Article Date: 12/1/2004

prescribing for astigmatism
Using Larger Diameter GPs to Fit Irregular Corneas

BY TIMOTHY B. EDRINGTON, OD, MS, FAAO

Within the last two years, I've been prescribing large overall diameter (OAD) GP contact lenses to manage many of my patients who have irregular corneas. Patients who have pellucid marginal degeneration as well as post-surgical patients (including post-penetrating keratoplasty (PK), post-radial keratotomy (RK) and post-LASIK patients) may particularly benefit from large diameter GP lenses.

Several GP laboratories offer large OAD GP lenses. Lens Dynamics, Inc. makes the Intra-Limbal lens (11.2mm OAD), Innovations in Sight makes the Jupiter lens (15.0mm OAD) and C&H Contact Lens, Inc. makes the Macrolens Einstein (15.0mm OAD).

Why Increase GP OAD?

The emergence of high-Dk GP materials has helped to hasten the growth of larger OAD GP lens fits because the greater oxygen transmissibility reduces the need for lens movement and tear exchange to provide oxygen. The primary benefit of large OAD lenses is enhanced centration. Another occasional benefit is improved comfort resulting from decreased lid-lens interaction.

Large OAD Design Options

In addition to spherical design GPs, bitoric large OAD lenses can optimize the lens-to-cornea fitting relationship and correct regular residual astigmatism. You can prescribe prism to stabilize lens rotation on a front-surface toric design or to center a superior positioning lens.

You can employ a reverse geometry peripheral curve system to decrease edge lift and to enhance lens centration when fitting a post-surgical cornea that has an oblate shape.

Post-PK Fitting Tips

Prescribe small or regular diameter GP lenses for post-PK patients who have steep central corneal curvatures relative to the host cornea. If the donor cornea is flatter than the host, then consider a reverse geometry design in which the "secondary" curve portion of the lens is steeper than the base curve.

For grafts that are highly irregular in shape, consider a large OAD GP lens design. Also, if lens centration isn't adequate, then fit a large OAD lens.

Post-RK Fitting Tips

For post-RK patients, first try fitting a standard sphere (or aspheric) GP lens design. If the central fitting relationship is ideal but peripheral clearance seems excessive, then prescribe a reverse geometry lens design. If the best-fit, standard-diameter reverse geometry design doesn't adequately center, then consider a large OAD lens with a reverse geometry peripheral curve system.

I've observed several post-RK patients who have superior areas of steep curvature that result in "high-riding" or lid-attached fitting relationships. Prescribe prism to center these superior positioning lenses.

Large OAD for Keratoconus?

In my opinion, large OAD GP contact lenses are contraindicated for correcting keratoconus. The exception is for a keratoconus patient who has an inferiorly displaced corneal apex.

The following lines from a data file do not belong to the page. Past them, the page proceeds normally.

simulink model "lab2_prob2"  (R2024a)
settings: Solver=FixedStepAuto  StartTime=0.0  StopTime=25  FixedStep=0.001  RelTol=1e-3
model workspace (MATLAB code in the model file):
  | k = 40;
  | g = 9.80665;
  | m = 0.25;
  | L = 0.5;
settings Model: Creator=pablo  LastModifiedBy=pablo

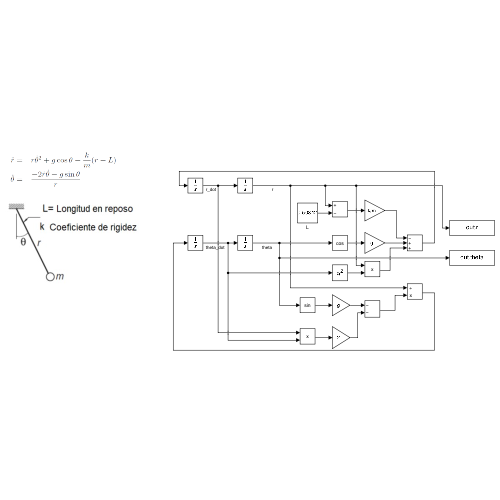
[thumbnail: Simulink's stored preview of the top-level diagram]
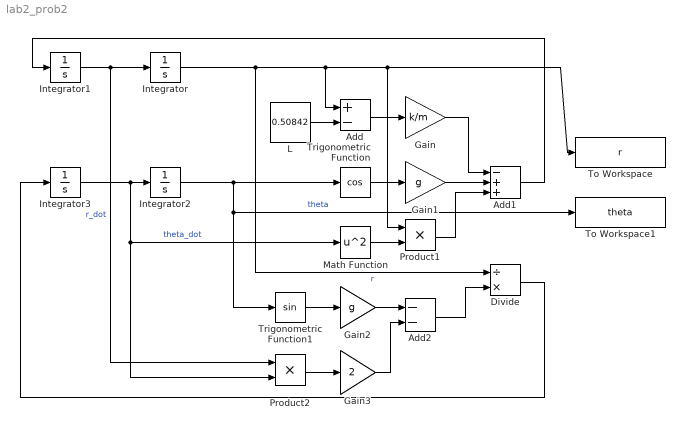
== system lab2_prob2 ==
  Add : Sum  Inputs=+-
  Add1 : Sum  Inputs=-++
  Add2 : Sum  Inputs=--
  Divide : Product  Inputs=/*
  Gain : Gain  Gain=k/m
  Gain1 : Gain  Gain=g
  Gain2 : Gain  Gain=g
  Gain3 : Gain  Gain=2
  Integrator : Integrator  InitialCondition=L
  Integrator1 : Integrator
  Integrator2 : Integrator  InitialCondition=60*pi/180
  Integrator3 : Integrator
  L : Constant  Value=0.50842
  Math Function : Math  Operator=square
  Product1 : Product
  Product2 : Product
  To Workspace : ToWorkspace  VariableName=r  SampleTime=-1
  To Workspace1 : ToWorkspace  VariableName=theta  SampleTime=-1
  Trigonometric Function : Trigonometry  Operator=cos
  Trigonometric Function1 : Trigonometry
  wires:
  Integrator/1 -> To Workspace/1, Product1/1, Add/1, Divide/1  "r"
  Integrator1/1 -> Product2/1, Integrator/1  "r_dot"
  L/1 -> Add/2
  Add/1 -> Gain/1
  Gain/1 -> Add1/1
  Gain1/1 -> Add1/2
  Trigonometric Function/1 -> Gain1/1
  Integrator2/1 -> Trigonometric Function1/1, To Workspace1/1, Trigonometric Function/1  "theta"
  Math Function/1 -> Product1/2
  Product1/1 -> Add1/3
  Add1/1 -> Integrator1/1
  Integrator3/1 -> Product2/2, Math Function/1, Integrator2/1  "theta_dot"
  Trigonometric Function1/1 -> Gain2/1
  Gain2/1 -> Add2/1
  Product2/1 -> Gain3/1
  Gain3/1 -> Add2/2
  Add2/1 -> Divide/2
  Divide/1 -> Integrator3/1

In general, keratoconus patients require a relatively flat peripheral curve to obtain adequate tear exchange. The larger the overall diameter, the more challenging it becomes to achieve sufficient tear exchange for most keratoconus patients.

Keep the Goal in Mind

In deciding whether to use a large OAD GP lens, remember that your goal when fitting an irregular corneal surface is to minimize localized areas of excessive clearance and/or harsh corneal bearing.